= ACTION ITEM =
Below are the records; pull every line that includes "header".

Stored data:
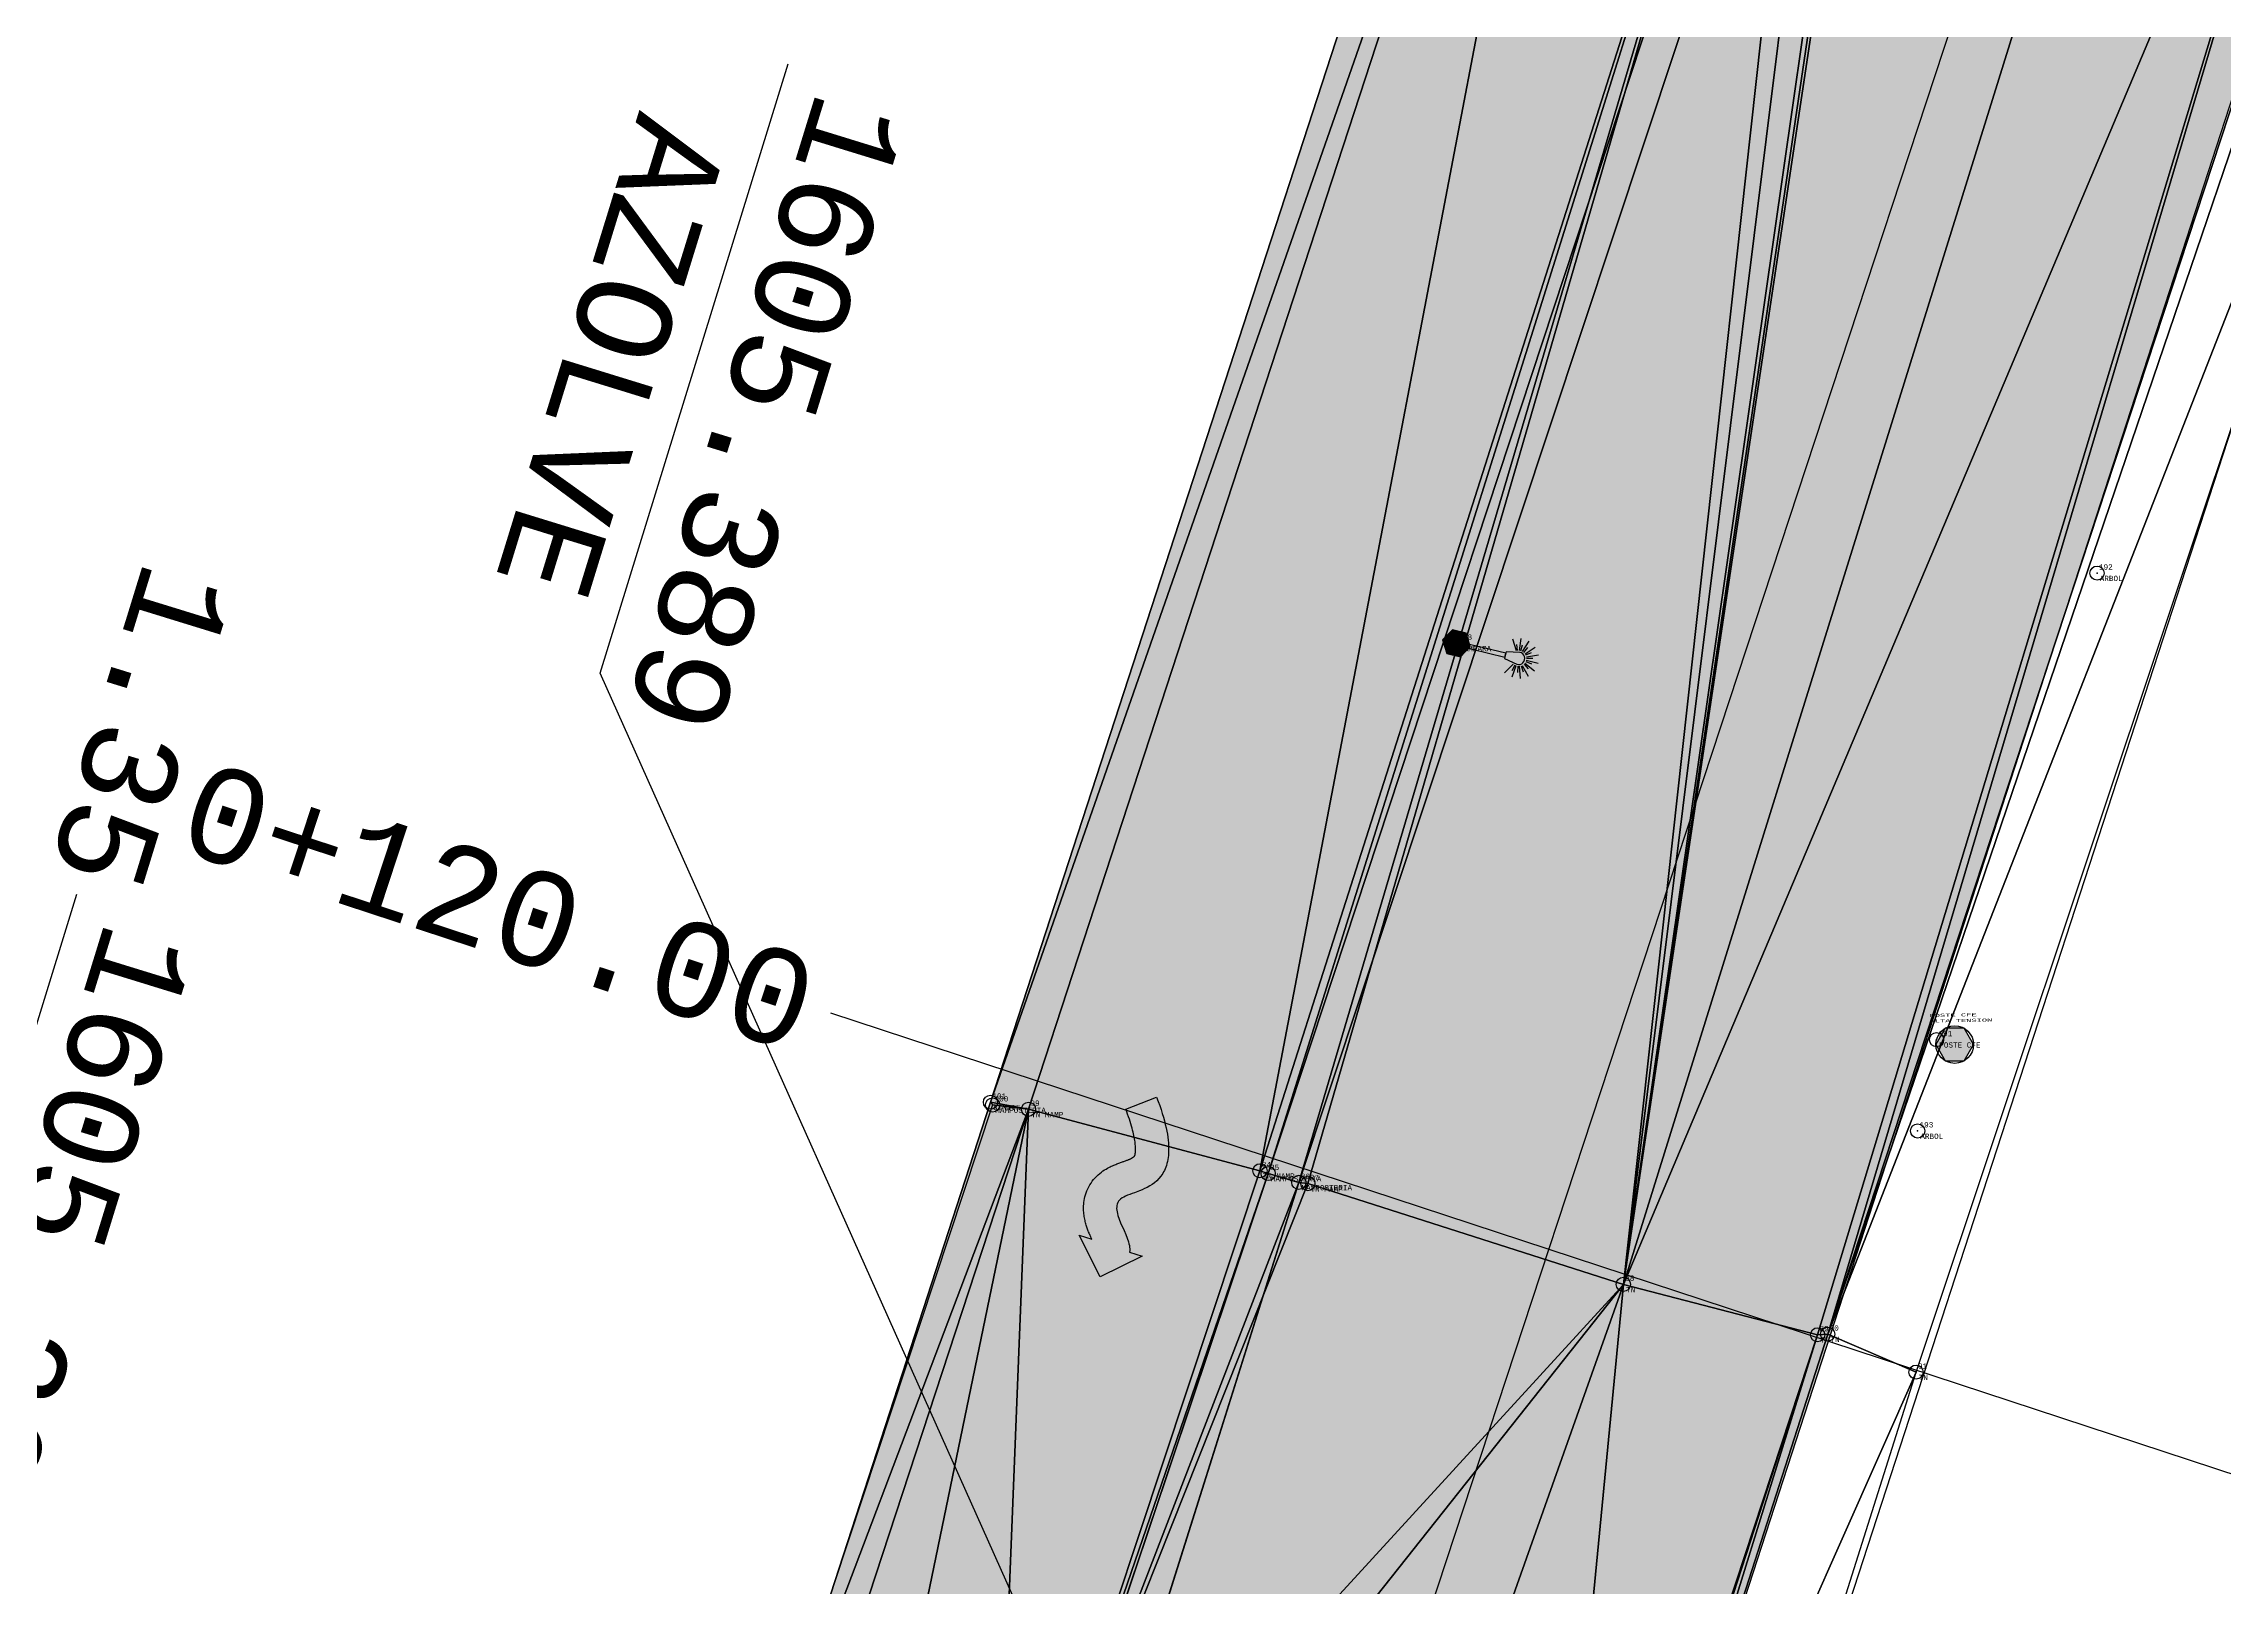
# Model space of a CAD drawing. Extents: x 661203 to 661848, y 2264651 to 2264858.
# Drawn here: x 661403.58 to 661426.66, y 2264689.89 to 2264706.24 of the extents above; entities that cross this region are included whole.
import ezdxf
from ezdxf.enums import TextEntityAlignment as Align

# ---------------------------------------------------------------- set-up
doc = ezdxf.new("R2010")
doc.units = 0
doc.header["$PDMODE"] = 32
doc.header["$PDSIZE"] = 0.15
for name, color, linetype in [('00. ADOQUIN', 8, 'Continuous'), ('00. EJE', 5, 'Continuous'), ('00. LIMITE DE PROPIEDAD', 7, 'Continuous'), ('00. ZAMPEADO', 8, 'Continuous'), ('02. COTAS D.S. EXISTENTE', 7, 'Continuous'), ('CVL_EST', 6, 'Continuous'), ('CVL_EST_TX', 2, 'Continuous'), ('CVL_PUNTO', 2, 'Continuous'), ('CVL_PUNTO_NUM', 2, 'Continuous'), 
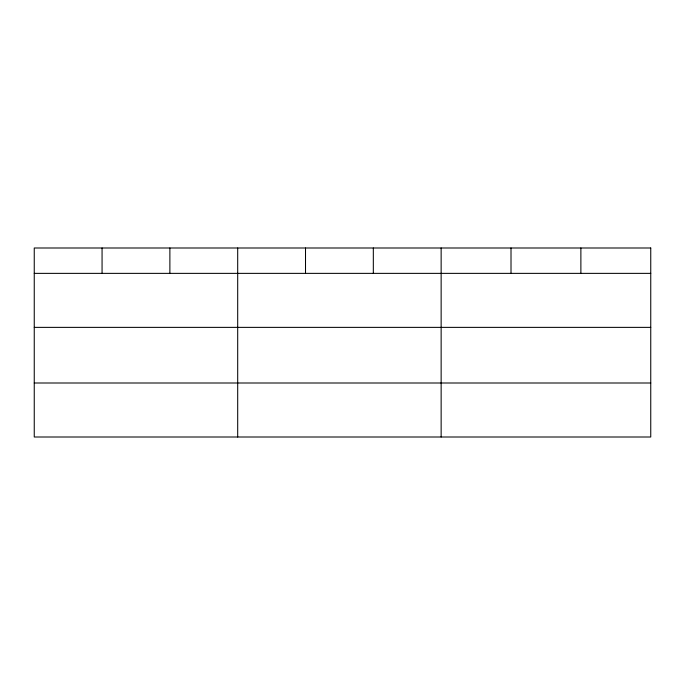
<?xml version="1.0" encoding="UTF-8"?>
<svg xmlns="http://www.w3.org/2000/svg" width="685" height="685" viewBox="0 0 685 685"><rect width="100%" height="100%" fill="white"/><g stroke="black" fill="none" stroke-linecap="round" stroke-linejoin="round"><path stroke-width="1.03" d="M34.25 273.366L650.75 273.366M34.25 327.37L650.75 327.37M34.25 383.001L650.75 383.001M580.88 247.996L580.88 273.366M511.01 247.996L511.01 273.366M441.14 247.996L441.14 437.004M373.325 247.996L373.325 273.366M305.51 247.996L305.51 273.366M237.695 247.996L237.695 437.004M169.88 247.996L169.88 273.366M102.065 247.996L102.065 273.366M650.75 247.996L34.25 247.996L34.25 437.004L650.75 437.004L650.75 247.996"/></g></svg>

= ANSWER TO THIS TASK =
doc.header["$PDMODE"] = 32
doc.header["$PDSIZE"] = 0.15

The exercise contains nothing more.